The visuals were generally well received. Ed Semrad of Electronic Gaming Monthly thought that the game being set inside a pinball machine was a novel idea, and also labelled the game's visuals, music, and sound effects as "top-notch". Al Manuel of the same publication opined that the graphics were not as "sharp" as other Sonic the Hedgehog titles, and also thought the sound was unimpressive.

Bob Strauss of Entertainment Weekly felt that the game initially boasted a terrific concept, but had an ultimately flawed execution, saying that Sonic, acting as a pinball, often moved like a "leaden marble". Rich Leadbetter from Mean Machines Sega also expressed concern over the game's lack of replay value, saying that despite its addictive gameplay, the four levels were not enough, especially given the price.

Andromeda of GamePro, in a mixed review of the Game Gear version, criticized the control configuration and felt that the game was a mediocre example of a pinball game, but admitted that it had a similar feel to previous Sonic the Hedgehog titles.

Review scores
| Publication | Score |
|---|---|
| Electronic Gaming Monthly | 8/10, 7/10, 6/10, 7/10 (Genesis) |
| Famitsu | 8/10, 7/10, 6/10, 7/10 (Genesis) |
| Mean Machines Sega | 81% (Mega Drive) |
| Electronic Games | 93% (Genesis) |
| Entertainment Weekly | C (Genesis) |
| MegaTech | 86% (Mega Drive) |

===Retrospective===

Retrospectively, Sonic Spinball received mixed reviews, holding a score of 61% at the video game review aggregator platform GameRankings.

In a retrospective review, Lucas Thomas from IGN felt that the game's graphics matched those of later Sonic games on the Genesis, and considered Spinballs minigames to be "visually distinct and well-done." A reviewer from Jeuxvideo.com thought the graphics were "generally good", but indicated that there were other visually superior games for the Genesis. In similar vein, William Avery of GameSpot noticed that the game contained some slowdown. Eurogamers Dan Whitehead criticized the game's sluggish frame rate and slowdown that occurred when "things threaten to get hectic" in-game, noting that it suffered from "the old Mega Drive problem".

Various aspects of the gameplay garnered a mixed reception from critics, though the game's control scheme received the most criticism. Jeuxvideo.com's reviewer enjoyed how Sonic himself acted as a pinball, but noticed that the controls were less precise and responsive when compared to other platformers. Dan Whitehead asserted that the game's controls were "muddled by the half-and-half approach", and criticized its "clunky" game engine, saying that the game's control scheme ruined the pinball environments. Thomas stated, "There are aspects of the control that could have been tighter, and its difficulty level may be a bit too extreme for new players." Damien McFarren from Nintendo Life said that the game comes across as both a poor platformer and a poor pinball game due to its unconvincing ball physics and frustrating platform elements.

Aggregate scores
| Aggregator | Score |
|---|---|
| GameRankings | 61% (6 reviews) |
| Metacritic | 68/100 iOS |

Review scores
| Publication | Score |
|---|---|
| Eurogamer | 4/10 (Virtual Console) |
| IGN | 7.5/10 (Virtual Console) |
| Jeuxvideo.com | 15/20 (Mega Drive) |
| Nintendo Life | 4/10 (Virtual Console) |

==Legacy==
A second pinball game in the series, Sonic Pinball Party, was released for the Game Boy Advance in 2003 to generally favorable reviews.

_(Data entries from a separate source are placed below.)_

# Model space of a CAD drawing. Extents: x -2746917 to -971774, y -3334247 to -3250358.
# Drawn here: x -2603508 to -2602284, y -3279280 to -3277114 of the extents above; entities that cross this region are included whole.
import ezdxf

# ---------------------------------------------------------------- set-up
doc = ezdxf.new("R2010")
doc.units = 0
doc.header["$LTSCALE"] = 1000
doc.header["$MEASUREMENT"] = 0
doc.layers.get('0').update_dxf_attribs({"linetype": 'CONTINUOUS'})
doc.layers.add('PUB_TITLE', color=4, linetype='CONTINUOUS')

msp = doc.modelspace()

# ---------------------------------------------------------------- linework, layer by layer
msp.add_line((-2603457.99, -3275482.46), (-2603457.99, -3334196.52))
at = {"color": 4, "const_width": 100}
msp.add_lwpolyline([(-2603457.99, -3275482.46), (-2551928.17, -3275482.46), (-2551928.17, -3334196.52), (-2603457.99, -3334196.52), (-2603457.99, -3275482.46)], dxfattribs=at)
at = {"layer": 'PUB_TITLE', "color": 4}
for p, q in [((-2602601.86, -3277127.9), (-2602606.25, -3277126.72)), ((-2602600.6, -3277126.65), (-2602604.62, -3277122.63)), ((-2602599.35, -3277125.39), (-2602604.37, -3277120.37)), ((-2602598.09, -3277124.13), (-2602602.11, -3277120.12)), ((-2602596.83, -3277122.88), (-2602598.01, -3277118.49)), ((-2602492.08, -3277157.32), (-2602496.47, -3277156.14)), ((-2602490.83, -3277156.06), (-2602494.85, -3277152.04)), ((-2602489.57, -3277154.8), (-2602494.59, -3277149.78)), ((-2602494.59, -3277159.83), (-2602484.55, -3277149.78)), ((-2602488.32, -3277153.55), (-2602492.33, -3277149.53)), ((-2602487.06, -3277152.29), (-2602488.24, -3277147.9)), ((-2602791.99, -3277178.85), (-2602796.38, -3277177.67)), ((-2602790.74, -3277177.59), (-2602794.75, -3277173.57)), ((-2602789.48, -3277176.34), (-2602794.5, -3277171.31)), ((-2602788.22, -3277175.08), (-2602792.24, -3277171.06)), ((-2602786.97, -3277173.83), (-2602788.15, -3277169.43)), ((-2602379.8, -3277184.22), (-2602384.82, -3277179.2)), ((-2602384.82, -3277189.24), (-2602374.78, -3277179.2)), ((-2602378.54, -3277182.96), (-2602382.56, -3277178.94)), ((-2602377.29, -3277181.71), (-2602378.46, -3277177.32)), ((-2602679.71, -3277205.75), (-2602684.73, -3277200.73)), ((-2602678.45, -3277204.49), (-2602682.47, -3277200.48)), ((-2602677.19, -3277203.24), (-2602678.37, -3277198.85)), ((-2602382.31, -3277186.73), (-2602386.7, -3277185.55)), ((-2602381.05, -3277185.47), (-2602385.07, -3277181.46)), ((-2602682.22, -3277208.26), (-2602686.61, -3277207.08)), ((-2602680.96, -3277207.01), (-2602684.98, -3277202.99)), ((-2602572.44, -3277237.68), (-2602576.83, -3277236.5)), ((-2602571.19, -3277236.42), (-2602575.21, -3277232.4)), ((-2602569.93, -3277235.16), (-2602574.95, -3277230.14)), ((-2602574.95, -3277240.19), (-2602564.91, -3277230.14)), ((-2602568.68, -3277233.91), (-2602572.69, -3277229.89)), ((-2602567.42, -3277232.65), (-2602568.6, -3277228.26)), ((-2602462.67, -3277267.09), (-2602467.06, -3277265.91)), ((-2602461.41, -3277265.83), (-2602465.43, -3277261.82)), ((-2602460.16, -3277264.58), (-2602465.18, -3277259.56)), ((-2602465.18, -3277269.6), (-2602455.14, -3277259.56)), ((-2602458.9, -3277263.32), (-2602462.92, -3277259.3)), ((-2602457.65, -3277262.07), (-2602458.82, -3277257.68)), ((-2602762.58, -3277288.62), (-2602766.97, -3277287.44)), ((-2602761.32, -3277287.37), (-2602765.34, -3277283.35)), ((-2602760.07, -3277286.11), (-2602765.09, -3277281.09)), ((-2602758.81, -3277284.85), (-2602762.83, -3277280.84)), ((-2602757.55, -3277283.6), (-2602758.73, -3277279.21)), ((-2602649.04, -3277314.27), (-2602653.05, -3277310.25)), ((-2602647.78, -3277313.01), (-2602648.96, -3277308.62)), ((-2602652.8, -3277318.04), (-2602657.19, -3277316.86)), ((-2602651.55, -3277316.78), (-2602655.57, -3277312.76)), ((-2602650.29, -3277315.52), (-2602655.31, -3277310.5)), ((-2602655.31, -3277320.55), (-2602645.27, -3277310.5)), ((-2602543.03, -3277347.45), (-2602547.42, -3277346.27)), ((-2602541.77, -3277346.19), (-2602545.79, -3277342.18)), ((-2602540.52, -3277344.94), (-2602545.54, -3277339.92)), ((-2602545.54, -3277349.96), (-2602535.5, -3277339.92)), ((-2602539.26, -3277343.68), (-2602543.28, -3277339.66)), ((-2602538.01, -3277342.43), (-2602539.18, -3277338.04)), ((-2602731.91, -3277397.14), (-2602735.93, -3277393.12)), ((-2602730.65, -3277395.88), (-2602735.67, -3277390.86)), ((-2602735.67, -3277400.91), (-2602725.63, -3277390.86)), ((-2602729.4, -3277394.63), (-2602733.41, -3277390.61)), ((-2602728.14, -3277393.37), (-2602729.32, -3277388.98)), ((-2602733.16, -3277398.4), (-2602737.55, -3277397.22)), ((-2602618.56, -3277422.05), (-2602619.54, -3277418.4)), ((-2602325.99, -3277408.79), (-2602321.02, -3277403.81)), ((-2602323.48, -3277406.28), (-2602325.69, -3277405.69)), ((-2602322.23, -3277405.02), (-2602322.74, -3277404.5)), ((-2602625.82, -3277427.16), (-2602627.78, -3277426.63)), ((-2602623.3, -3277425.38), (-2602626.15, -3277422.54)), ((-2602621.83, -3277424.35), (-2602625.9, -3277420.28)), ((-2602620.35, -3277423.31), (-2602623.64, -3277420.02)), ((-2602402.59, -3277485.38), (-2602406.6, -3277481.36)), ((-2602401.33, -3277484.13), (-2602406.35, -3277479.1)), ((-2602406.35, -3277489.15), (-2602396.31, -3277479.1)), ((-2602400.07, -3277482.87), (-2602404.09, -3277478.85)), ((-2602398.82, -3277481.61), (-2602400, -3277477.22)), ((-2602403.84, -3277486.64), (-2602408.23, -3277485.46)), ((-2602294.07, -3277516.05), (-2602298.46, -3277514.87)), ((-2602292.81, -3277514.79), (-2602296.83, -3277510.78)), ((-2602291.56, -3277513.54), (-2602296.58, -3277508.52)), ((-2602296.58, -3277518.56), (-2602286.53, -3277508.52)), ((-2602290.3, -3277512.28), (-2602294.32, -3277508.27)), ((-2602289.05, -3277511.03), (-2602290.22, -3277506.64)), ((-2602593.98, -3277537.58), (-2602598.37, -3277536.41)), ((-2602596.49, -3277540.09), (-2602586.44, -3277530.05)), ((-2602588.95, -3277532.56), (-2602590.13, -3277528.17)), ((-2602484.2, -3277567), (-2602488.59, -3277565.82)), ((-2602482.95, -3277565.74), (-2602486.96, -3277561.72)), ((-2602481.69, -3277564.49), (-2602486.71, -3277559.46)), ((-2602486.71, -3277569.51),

In 2010, a spinning rollercoaster, Sonic Spinball, opened in the Alton Towers theme park in Staffordshire. Although the rollercoaster was not originally designed with a Sonic the Hedgehog theme, the ride became part of a sponsorship deal between Sega and Alton Towers. A Sonic the Hedgehog-themed hotel room was later made available at Alton Towers Hotel, which featured various playable Sonic the Hedgehog games, as well as wallpaper based on Sonic the Hedgehog 4: Episode I.